Buffett told Becky last night by telephone that roughly $2 billion of put options on the benchmark S&P 500 stock index have been altered. Changes have also been made to a derivative on a foreign stock index, but he's not saying which one.
He first publicly discussed the changes during a lengthy question-and-answer session with shareholders earlier this month.
The new contracts have a lower strike price but cover a shorter time period.
Like insurance policies, Berkshire's equity derivatives contracts require the company to pay out a "claim" if a particular stock index is below a designated level at a pre-set time in the future.
In return for taking on that risk, Berkshire collects a "premium" payment up front, which it can then invest.
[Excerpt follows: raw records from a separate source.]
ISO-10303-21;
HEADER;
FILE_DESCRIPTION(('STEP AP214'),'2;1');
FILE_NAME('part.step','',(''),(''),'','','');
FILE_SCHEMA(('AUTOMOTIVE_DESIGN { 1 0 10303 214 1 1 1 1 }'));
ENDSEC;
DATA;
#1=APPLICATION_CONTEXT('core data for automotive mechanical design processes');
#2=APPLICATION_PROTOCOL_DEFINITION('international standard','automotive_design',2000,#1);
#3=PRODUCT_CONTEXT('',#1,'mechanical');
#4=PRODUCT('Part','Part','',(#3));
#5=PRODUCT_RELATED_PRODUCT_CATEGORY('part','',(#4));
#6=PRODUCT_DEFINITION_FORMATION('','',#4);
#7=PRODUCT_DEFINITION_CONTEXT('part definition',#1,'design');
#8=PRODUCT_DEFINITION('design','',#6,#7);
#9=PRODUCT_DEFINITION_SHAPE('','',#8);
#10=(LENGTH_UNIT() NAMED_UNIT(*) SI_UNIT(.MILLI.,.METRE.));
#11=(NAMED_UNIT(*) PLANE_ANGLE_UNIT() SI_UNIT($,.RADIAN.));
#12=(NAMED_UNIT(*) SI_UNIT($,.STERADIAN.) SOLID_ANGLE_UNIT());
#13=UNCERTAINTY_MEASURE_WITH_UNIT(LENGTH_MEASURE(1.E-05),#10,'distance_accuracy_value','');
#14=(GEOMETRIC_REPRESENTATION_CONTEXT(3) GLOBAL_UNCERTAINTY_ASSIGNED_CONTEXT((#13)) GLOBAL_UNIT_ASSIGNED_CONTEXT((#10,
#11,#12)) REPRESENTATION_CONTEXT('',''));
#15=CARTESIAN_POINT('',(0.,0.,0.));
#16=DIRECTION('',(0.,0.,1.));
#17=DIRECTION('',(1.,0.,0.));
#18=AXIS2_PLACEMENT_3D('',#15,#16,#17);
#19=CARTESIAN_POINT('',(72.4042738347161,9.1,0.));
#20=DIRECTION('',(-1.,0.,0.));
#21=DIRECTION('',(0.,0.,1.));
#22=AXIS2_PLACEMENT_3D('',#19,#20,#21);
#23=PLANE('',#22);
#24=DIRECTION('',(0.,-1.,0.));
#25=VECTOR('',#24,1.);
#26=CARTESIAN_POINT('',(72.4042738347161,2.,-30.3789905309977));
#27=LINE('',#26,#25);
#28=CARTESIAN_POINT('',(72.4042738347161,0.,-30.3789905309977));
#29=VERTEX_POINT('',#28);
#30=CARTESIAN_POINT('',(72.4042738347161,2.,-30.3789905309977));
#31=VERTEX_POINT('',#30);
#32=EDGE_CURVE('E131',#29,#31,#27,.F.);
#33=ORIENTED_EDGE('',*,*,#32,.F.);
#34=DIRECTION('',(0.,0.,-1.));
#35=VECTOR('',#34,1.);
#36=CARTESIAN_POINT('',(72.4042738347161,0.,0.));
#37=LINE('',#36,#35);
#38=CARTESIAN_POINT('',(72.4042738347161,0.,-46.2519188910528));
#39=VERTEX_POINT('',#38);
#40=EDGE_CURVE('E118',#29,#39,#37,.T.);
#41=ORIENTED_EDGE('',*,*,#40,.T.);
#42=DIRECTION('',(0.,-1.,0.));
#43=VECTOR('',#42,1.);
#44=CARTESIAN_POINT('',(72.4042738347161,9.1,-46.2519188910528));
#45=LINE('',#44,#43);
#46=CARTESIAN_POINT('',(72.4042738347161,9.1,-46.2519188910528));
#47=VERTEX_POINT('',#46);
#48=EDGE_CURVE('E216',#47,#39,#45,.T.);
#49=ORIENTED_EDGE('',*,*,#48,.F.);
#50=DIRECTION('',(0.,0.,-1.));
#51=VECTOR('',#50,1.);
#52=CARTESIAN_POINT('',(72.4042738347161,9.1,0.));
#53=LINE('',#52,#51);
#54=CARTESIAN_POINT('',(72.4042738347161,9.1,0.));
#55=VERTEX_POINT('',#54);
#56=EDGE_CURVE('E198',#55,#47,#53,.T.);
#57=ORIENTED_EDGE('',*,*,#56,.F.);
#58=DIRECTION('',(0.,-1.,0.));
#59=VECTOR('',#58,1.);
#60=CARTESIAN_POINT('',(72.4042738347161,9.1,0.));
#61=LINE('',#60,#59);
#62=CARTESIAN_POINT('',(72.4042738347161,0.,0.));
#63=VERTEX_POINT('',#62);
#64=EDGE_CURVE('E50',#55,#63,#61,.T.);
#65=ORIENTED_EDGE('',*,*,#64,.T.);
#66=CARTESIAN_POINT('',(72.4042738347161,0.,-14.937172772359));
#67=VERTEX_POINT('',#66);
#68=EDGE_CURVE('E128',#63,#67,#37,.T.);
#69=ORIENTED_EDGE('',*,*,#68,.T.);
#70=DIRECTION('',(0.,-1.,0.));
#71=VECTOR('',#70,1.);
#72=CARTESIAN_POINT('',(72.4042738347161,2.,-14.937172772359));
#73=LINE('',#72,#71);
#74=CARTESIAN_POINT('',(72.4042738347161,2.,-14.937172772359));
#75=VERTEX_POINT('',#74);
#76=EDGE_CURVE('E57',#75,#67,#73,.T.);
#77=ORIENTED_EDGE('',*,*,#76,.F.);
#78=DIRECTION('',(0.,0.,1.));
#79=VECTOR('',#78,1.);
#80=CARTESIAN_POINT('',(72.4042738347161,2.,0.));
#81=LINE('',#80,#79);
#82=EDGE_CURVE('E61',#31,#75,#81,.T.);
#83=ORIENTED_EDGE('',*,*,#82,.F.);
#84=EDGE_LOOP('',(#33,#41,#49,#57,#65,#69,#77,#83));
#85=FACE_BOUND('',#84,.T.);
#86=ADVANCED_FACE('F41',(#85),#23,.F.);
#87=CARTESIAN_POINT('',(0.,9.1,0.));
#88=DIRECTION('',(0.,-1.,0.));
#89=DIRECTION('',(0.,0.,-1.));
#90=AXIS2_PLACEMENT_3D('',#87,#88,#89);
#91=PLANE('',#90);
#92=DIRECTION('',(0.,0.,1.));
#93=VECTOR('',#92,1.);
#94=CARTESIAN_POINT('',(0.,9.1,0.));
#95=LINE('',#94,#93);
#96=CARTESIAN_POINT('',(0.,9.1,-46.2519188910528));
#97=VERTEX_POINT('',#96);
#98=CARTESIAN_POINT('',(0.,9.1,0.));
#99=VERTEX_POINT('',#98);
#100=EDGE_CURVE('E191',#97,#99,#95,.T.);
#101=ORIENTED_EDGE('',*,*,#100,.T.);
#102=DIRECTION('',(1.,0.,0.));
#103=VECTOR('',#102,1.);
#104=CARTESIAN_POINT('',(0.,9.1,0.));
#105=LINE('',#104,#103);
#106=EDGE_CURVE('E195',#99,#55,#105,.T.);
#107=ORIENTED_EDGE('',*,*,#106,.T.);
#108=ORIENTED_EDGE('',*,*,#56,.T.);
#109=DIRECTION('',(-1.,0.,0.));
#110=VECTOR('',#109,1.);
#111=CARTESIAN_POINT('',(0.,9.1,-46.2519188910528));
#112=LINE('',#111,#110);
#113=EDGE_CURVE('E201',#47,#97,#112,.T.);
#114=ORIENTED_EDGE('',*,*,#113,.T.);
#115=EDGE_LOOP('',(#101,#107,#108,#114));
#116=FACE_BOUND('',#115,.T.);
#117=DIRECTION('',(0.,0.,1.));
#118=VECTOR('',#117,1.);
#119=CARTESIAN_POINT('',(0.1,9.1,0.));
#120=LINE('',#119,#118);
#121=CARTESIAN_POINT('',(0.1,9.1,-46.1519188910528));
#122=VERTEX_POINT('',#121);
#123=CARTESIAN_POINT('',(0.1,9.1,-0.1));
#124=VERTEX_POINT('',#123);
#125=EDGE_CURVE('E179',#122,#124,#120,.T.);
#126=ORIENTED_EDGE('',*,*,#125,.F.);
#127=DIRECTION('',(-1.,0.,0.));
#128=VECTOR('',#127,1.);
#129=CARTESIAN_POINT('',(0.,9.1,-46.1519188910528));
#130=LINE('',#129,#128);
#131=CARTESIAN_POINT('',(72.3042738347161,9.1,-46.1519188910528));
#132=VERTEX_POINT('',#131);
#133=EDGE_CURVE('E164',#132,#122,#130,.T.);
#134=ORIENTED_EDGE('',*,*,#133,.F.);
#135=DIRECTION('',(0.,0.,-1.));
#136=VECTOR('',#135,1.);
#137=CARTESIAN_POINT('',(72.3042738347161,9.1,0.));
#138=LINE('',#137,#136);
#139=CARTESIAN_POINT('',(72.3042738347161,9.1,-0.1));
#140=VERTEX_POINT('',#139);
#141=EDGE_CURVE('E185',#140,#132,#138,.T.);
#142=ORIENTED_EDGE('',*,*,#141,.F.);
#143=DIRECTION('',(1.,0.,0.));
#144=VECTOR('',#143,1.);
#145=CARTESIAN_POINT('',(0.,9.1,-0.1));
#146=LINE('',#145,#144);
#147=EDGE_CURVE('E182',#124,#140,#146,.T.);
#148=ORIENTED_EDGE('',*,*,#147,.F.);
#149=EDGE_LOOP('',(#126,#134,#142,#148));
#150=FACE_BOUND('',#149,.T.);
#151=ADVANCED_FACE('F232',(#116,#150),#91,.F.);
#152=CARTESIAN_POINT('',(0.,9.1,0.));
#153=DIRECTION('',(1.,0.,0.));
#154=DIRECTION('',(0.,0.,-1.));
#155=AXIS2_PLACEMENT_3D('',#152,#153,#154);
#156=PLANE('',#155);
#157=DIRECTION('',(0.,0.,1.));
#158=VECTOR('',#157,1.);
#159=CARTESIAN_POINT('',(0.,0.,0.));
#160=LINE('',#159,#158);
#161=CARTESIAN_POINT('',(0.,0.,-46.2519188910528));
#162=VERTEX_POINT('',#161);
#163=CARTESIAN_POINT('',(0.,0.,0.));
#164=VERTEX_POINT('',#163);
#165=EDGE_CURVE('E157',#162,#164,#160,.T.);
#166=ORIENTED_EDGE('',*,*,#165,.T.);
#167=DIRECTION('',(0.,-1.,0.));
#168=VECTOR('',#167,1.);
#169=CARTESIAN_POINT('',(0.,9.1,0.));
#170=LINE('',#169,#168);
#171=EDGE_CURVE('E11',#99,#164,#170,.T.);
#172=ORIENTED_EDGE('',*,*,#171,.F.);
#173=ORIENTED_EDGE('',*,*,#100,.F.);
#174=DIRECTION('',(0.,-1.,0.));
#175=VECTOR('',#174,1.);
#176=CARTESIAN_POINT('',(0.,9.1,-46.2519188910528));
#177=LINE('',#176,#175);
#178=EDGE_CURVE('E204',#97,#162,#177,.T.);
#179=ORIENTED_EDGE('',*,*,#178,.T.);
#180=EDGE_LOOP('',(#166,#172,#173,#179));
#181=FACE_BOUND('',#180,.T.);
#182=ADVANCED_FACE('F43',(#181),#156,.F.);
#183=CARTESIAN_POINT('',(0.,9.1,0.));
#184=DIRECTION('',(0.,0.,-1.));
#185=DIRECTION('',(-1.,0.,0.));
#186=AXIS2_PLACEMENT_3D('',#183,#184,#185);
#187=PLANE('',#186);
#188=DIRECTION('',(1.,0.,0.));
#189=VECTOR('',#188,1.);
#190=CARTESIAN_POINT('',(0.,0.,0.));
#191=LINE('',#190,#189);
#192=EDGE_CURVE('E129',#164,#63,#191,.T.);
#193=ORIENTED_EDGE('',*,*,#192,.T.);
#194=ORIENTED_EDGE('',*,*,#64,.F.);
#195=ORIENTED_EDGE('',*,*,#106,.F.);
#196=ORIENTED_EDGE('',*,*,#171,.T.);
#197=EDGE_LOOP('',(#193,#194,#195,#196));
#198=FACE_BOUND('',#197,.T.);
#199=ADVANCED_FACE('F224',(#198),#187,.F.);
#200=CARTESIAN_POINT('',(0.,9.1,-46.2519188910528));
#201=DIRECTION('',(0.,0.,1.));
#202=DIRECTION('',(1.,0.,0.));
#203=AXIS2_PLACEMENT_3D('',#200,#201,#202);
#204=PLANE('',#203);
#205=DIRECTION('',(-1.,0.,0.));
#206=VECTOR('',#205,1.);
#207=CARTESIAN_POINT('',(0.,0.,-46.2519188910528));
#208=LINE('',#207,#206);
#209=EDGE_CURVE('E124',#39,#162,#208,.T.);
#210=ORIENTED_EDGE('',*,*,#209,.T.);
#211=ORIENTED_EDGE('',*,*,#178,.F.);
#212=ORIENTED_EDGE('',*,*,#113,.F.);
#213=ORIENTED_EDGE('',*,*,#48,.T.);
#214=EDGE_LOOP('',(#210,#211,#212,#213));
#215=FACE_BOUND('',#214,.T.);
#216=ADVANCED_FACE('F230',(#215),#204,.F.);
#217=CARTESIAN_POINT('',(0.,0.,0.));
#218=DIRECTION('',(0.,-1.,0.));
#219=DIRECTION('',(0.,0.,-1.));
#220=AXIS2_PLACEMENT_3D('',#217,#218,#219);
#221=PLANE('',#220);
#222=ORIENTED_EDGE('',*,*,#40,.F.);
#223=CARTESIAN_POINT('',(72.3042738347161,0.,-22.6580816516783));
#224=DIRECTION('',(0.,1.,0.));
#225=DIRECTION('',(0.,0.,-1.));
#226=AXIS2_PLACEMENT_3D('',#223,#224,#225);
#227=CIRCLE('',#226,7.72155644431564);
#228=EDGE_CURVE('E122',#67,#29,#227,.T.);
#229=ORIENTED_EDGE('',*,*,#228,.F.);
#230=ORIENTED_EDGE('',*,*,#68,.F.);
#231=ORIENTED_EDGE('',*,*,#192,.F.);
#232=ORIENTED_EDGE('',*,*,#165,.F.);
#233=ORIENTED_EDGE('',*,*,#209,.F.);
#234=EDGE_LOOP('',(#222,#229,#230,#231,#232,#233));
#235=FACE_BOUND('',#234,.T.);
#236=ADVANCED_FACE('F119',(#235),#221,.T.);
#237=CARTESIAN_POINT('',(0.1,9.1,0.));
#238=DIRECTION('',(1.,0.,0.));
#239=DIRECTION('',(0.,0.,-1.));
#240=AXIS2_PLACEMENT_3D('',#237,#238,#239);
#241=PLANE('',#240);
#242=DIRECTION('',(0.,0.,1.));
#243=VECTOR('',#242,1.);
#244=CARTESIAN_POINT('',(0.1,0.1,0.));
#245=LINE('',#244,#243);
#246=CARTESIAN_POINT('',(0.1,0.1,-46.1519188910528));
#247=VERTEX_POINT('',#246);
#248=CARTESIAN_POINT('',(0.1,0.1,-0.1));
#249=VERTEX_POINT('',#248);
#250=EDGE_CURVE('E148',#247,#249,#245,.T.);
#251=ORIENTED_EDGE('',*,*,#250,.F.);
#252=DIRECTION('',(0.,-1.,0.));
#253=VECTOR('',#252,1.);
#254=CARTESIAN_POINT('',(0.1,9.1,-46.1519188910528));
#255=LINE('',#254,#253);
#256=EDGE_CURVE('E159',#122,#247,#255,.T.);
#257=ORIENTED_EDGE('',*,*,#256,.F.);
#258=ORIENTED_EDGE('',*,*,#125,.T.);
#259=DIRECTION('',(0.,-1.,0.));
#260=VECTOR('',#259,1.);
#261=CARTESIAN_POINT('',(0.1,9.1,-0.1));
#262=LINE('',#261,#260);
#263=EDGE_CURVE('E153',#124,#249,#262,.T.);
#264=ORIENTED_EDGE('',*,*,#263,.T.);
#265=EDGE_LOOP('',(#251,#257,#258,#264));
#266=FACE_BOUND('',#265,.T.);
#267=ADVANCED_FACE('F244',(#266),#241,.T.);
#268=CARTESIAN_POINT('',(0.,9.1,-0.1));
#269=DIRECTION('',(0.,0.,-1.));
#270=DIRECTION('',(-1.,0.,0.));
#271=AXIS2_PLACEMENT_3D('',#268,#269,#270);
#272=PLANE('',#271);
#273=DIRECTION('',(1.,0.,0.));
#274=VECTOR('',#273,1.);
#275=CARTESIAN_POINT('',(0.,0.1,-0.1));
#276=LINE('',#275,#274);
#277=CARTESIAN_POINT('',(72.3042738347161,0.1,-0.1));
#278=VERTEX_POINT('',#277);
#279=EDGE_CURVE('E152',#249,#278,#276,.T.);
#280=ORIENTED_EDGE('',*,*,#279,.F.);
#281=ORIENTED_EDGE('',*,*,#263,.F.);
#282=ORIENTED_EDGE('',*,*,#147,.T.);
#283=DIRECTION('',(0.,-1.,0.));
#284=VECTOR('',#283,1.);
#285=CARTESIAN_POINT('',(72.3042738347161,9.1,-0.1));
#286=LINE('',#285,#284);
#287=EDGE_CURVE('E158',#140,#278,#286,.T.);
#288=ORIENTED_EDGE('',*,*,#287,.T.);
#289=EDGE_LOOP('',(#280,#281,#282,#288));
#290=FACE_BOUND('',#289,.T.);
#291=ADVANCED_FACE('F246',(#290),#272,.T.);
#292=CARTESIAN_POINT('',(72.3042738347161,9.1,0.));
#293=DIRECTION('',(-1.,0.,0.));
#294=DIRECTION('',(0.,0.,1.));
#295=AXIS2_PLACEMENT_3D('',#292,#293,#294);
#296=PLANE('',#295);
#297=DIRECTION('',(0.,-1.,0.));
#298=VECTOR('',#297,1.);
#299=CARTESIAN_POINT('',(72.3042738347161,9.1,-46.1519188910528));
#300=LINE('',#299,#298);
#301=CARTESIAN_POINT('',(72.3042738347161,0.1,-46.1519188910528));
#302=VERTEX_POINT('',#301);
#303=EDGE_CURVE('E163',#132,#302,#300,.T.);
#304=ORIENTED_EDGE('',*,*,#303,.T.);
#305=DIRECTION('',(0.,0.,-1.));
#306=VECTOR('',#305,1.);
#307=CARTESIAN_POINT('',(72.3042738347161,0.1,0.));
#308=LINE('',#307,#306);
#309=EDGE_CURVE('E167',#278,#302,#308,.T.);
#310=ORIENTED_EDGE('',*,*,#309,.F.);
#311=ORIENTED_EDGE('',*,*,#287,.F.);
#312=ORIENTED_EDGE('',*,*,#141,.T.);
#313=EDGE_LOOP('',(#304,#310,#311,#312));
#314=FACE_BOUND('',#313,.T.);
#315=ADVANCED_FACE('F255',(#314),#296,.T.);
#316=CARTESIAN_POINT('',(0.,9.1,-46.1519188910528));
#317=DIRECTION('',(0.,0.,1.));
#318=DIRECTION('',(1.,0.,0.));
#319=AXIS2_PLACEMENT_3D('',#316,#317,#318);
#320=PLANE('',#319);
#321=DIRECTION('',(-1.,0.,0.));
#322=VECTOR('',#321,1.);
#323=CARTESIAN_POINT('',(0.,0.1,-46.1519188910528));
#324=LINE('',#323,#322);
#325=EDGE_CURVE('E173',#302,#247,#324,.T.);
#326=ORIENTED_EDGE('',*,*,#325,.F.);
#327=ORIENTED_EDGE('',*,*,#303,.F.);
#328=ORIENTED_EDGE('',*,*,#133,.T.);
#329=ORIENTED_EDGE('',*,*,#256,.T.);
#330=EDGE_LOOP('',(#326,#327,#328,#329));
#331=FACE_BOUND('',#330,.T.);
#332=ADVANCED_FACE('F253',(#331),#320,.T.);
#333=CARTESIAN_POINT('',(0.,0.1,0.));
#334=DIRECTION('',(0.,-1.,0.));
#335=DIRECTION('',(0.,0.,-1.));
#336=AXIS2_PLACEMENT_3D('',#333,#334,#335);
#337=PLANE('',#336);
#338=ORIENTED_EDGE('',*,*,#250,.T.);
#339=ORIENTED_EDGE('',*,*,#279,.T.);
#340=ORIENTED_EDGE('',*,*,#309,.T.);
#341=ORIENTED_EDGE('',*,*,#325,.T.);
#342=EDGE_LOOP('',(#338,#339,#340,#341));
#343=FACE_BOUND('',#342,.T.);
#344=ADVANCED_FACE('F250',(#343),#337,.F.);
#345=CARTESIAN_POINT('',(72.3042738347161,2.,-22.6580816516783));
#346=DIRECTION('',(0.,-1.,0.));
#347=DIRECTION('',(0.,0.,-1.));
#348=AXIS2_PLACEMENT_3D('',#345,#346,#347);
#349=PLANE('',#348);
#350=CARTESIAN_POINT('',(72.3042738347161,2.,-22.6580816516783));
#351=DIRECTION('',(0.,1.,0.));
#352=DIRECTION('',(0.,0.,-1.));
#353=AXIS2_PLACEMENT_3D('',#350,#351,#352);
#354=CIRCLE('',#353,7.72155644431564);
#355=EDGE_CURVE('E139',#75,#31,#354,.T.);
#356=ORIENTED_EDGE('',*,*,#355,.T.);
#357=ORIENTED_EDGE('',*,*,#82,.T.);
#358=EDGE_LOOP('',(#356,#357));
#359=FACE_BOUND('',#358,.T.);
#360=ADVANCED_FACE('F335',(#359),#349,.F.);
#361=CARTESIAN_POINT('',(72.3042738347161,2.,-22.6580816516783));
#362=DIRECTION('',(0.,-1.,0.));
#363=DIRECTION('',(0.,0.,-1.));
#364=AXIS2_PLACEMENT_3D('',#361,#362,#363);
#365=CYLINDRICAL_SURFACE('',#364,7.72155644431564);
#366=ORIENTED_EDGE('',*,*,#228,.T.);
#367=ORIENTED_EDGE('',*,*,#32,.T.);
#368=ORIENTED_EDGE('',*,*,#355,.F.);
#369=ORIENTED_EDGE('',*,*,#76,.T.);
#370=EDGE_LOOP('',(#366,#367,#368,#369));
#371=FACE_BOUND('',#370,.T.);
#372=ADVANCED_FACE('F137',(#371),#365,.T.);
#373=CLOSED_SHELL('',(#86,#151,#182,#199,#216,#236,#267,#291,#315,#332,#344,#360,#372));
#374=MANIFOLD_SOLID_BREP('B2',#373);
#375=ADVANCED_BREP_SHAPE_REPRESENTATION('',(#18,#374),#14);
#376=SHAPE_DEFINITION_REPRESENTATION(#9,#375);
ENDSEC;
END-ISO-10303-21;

Berkshire's goal: the claims ultimately turn out to be less than the premiums.
Since their strike prices were set to the level of the S&P at the time the 'old' contracts were written, and the index has dropped severely since then, the 'old' contracts would not have reached break-even unless the S&P gained about 70 percent in the next 18 years.
The 'new' contracts become money-makers if the S&P rebounds by just 15 percent over the next 10 years.
It's an easier target to reach, but there's less time available for the S&P to move higher.
That does not necessarily mean Berkshire has taken on more, or less, risk with the 'new' contracts.
Buffett tells us he didn't pay a "dime" in cash to restructure the derivatives, and still feels the odds are favorable that Berkshire will wind up making a profit on both the 'old' and 'new' contracts.
In its first quarter 10-Q, Berkshire reports that it "has written equity index put option contracts on four major equity indexes including three indexes outside of the United States." The contracts expire between 10 and 19 years from now.
Berkshire says in that filing that if there is no change at all in the level of the stock indexes between now and the various expiration dates of the contracts, (a very unlikely scenario), it would have an undiscounted liability of $13.3 billion.
The "notional value" of the contracts on March 31 was $35.489 billion. That is, in effect, a 'worst case' scenario in which the level of each stock index has dropped to zero at the expiration dates of the various contracts.